Stored items:

☆ ☆ ☆

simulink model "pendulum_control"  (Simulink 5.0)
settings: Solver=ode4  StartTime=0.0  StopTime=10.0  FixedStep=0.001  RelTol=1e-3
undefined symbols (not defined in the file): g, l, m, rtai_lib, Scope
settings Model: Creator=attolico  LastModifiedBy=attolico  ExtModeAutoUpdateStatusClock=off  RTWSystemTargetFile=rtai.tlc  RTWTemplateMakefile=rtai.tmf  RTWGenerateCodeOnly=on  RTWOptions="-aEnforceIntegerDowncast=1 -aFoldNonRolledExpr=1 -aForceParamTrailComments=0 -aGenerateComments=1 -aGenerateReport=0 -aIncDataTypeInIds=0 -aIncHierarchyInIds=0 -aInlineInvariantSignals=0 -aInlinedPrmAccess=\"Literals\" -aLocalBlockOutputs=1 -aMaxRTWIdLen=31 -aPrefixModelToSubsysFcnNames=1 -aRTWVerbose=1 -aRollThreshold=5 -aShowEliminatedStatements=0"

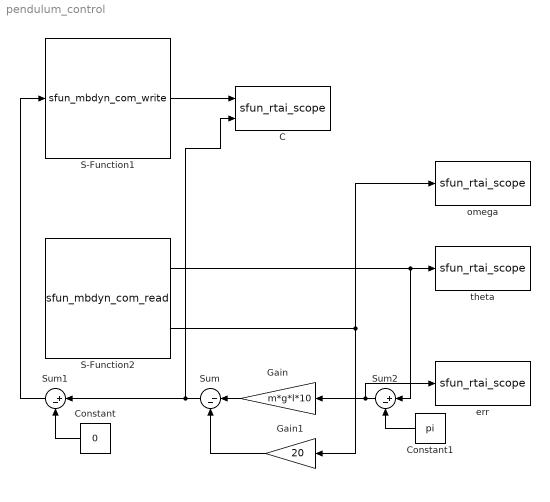
== system pendulum_control ==
  C : S-Function  AncestorBlock=rtai_lib/Scope  FunctionName=sfun_rtai_scope  Parameters=numch,ts  mask(RTAI SCOPE){numch=2, ts=0.001}
      mask prompts: numch "Channels:"; ts "Sampling Time (-1 for inherited)"
      mask help: RTAI run-time scope
      mask StyleString: popup(1|2|3|4|5),edit
  Constant : Constant  Orientation=left  Value=0
  Constant1 : Constant  Orientation=left  Value=pi
  Gain : Gain  Orientation=left  Gain=m*g*l*10  SaturateOnIntegerOverflow=on
  Gain1 : Gain  Orientation=left  Gain=20  SaturateOnIntegerOverflow=on
  S-Function1 : S-Function  FunctionName=sfun_mbdyn_com_write  Parameters='127.0.0.1','mbdtsk','MBXOUT',1,0.001
  S-Function2 : S-Function  FunctionName=sfun_mbdyn_com_read  Parameters='127.0.0.1','mbdtsk','MBXINN',2,0.001
  Sum : Sum  Orientation=left  Inputs=|--  SaturateOnIntegerOverflow=on
  Sum1 : Sum  Orientation=left  Inputs=|+-  SaturateOnIntegerOverflow=on
  Sum2 : Sum  Orientation=left  Inputs=|+-  SaturateOnIntegerOverflow=on
  err : S-Function  AncestorBlock=rtai_lib/Scope  FunctionName=sfun_rtai_scope  Parameters=numch,ts  mask(RTAI SCOPE){numch=1, ts=0.001}
      mask prompts: numch "Channels:"; ts "Sampling Time (-1 for inherited)"
      mask help: RTAI run-time scope
      mask StyleString: popup(1|2|3|4|5),edit
  omega : S-Function  AncestorBlock=rtai_lib/Scope  FunctionName=sfun_rtai_scope  Parameters=numch,ts  mask(RTAI SCOPE){numch=1, ts=0.001}
      mask prompts: numch "Channels:"; ts "Sampling Time (-1 for inherited)"
      mask help: RTAI run-time scope
      mask StyleString: popup(1|2|3|4|5),edit
  theta : S-Function  AncestorBlock=rtai_lib/Scope  FunctionName=sfun_rtai_scope  Parameters=numch,ts  mask(RTAI SCOPE){numch=1, ts=0.001}
      mask prompts: numch "Channels:"; ts "Sampling Time (-1 for inherited)"
      mask help: RTAI run-time scope
      mask StyleString: popup(1|2|3|4|5),edit
  wires:
  S-Function2/1 -> theta/1, Sum2/1
  Gain/1 -> Sum/1
  Gain1/1 -> Sum/2
  Sum/1 -> Sum1/1, C/2
  S-Function1/1 -> C/1
  Sum1/1 -> S-Function1/1
  Constant/1 -> Sum1/2
  Sum2/1 -> Gain/1, err/1
  Constant1/1 -> Sum2/2
  S-Function2/2 -> omega/1, Gain1/1

☆ ☆ ☆

EXERCISE AIM: Your task is to reproduce exactly the lines from the start of the data above through the line containing "C : S-Function", leaving every picture out.

WORKED SOLUTION:
simulink model "pendulum_control"  (Simulink 5.0)
settings: Solver=ode4  StartTime=0.0  StopTime=10.0  FixedStep=0.001  RelTol=1e-3
undefined symbols (not defined in the file): g, l, m, rtai_lib, Scope
settings Model: Creator=attolico  LastModifiedBy=attolico  ExtModeAutoUpdateStatusClock=off  RTWSystemTargetFile=rtai.tlc  RTWTemplateMakefile=rtai.tmf  RTWGenerateCodeOnly=on  RTWOptions="-aEnforceIntegerDowncast=1 -aFoldNonRolledExpr=1 -aForceParamTrailComments=0 -aGenerateComments=1 -aGenerateReport=0 -aIncDataTypeInIds=0 -aIncHierarchyInIds=0 -aInlineInvariantSignals=0 -aInlinedPrmAccess=\"Literals\" -aLocalBlockOutputs=1 -aMaxRTWIdLen=31 -aPrefixModelToSubsysFcnNames=1 -aRTWVerbose=1 -aRollThreshold=5 -aShowEliminatedStatements=0"

== system pendulum_control ==
  C : S-Function  AncestorBlock=rtai_lib/Scope  FunctionName=sfun_rtai_scope  Parameters=numch,ts  mask(RTAI SCOPE){numch=2, ts=0.001}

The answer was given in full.